:: Action item ::
After finding the line with "h.set_pattern_fill('FP_26', color=256, style=0, pattern_type=2)" in the data below, set down exactly each line through the one with "282.8427), [200, -600])])", inclusive, and stop there.

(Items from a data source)
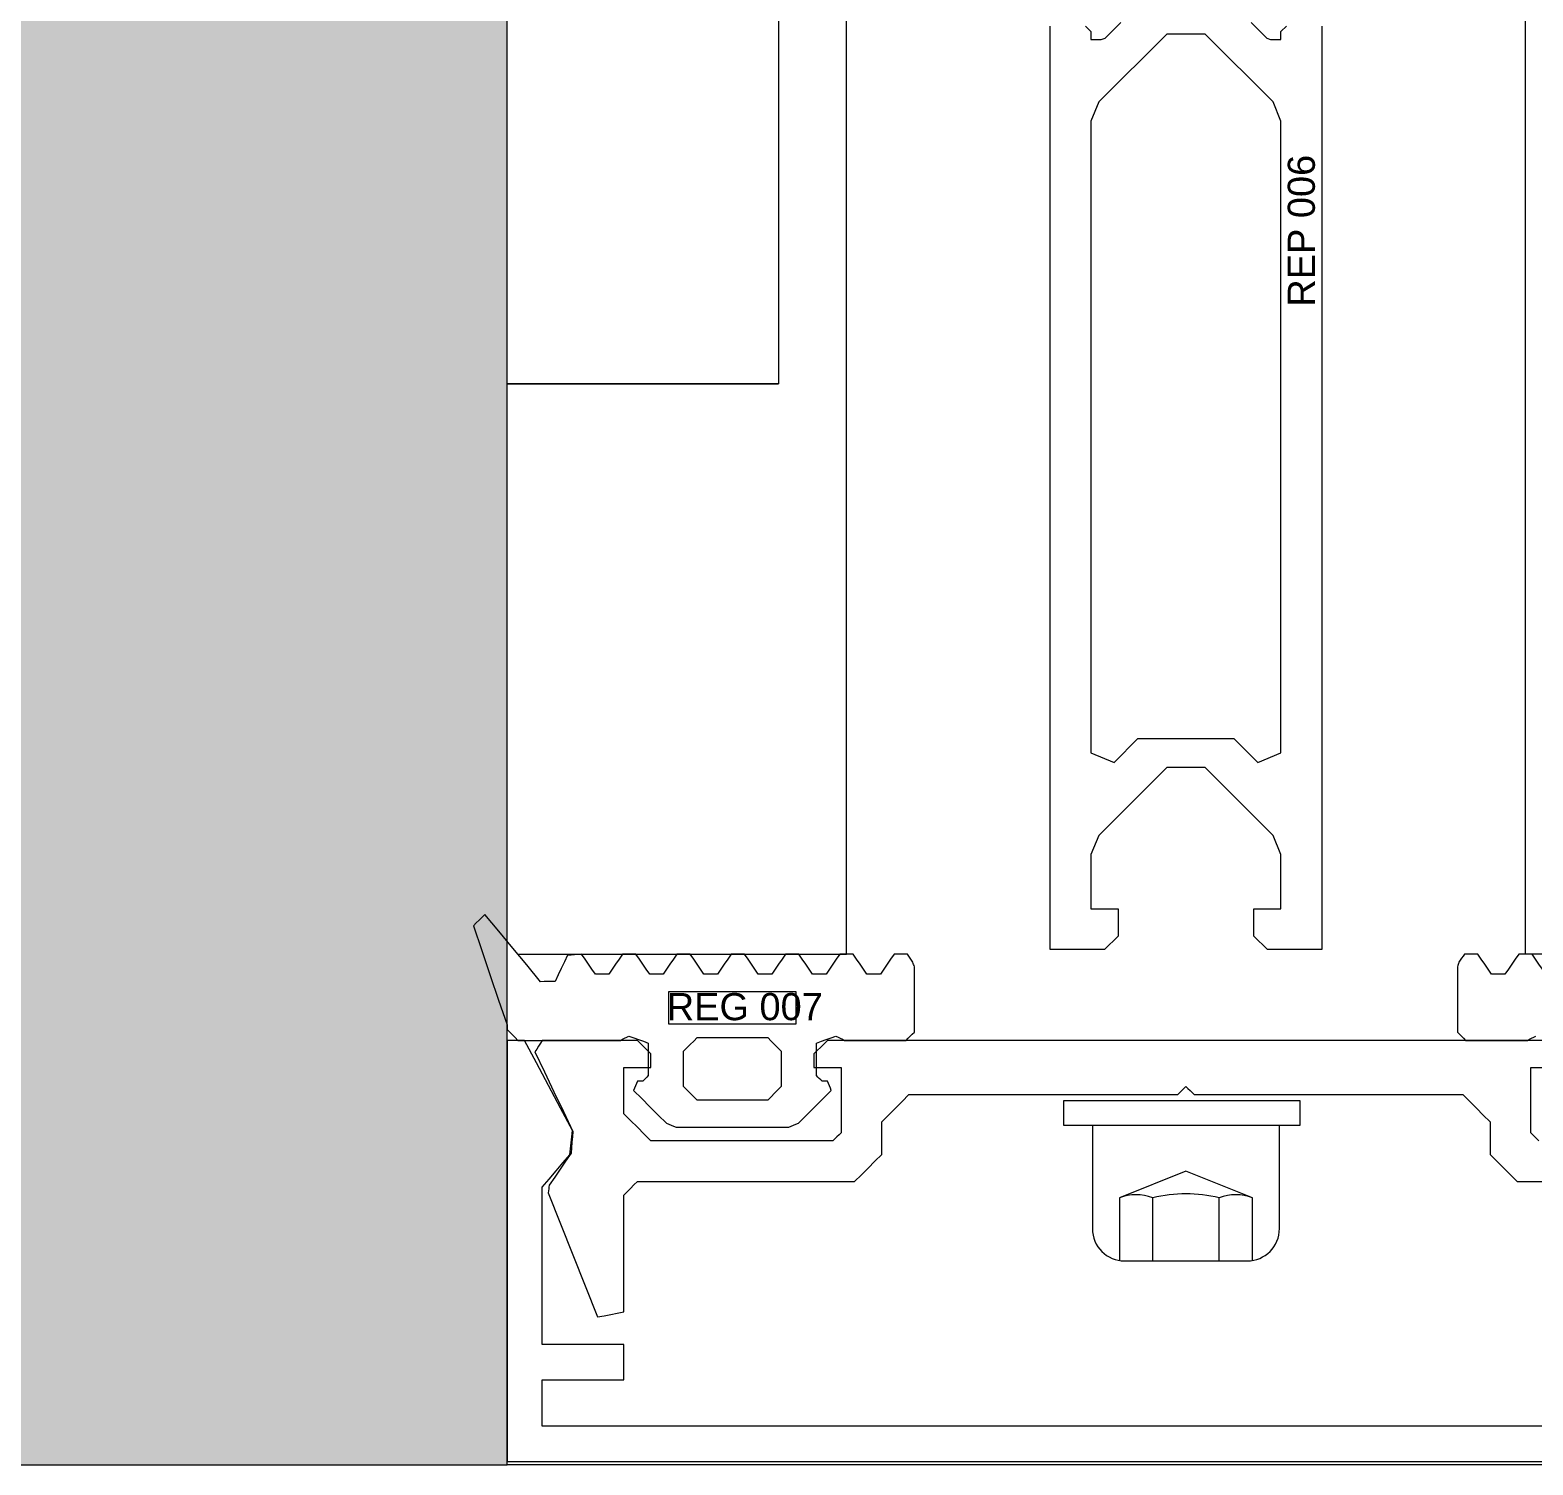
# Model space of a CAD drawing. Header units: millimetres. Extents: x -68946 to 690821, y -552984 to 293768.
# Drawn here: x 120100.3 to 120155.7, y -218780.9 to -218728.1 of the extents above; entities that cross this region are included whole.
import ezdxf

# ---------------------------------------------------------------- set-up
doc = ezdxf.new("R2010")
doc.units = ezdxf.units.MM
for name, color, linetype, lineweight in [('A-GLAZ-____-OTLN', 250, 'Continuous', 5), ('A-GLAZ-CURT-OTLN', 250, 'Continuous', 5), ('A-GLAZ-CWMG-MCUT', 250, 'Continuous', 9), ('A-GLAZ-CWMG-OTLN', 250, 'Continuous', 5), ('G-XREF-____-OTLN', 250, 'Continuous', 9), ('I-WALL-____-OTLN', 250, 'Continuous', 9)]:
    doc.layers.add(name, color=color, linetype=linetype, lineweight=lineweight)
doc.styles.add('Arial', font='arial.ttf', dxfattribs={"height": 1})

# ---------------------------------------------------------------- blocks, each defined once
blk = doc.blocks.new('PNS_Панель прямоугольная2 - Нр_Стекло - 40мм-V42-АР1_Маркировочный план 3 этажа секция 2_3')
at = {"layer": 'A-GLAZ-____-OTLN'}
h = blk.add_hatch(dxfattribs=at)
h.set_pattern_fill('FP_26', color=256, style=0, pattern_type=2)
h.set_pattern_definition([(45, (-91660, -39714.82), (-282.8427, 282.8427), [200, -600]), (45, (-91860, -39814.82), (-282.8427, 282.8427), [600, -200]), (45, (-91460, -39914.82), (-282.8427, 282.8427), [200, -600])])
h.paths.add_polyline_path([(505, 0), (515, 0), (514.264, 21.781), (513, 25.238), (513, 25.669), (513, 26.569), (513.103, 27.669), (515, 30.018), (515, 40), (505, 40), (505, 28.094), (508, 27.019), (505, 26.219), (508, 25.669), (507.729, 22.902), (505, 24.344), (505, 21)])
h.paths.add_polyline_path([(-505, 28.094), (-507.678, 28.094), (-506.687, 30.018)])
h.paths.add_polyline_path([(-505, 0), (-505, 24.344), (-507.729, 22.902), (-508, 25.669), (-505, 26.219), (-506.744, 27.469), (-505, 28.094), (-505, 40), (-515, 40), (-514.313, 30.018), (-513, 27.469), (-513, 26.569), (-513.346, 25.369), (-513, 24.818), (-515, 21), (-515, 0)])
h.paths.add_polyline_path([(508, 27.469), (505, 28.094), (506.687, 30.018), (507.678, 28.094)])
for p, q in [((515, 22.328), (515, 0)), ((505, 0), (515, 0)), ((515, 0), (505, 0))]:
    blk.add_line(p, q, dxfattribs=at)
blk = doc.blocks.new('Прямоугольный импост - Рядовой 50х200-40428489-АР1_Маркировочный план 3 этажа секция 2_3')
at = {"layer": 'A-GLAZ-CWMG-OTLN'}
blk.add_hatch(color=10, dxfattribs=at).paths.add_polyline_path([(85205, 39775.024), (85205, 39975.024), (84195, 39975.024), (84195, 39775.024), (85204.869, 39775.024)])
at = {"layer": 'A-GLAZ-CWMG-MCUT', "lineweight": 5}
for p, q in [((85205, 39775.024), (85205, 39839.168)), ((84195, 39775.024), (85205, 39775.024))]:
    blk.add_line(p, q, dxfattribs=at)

:: Reply to the task ::
h.set_pattern_fill('FP_26', color=256, style=0, pattern_type=2)
h.set_pattern_definition([(45, (-91660, -39714.82), (-282.8427, 282.8427), [200, -600]), (45, (-91860, -39814.82), (-282.8427, 282.8427), [600, -200]), (45, (-91460, -39914.82), (-282.8427, 282.8427), [200, -600])])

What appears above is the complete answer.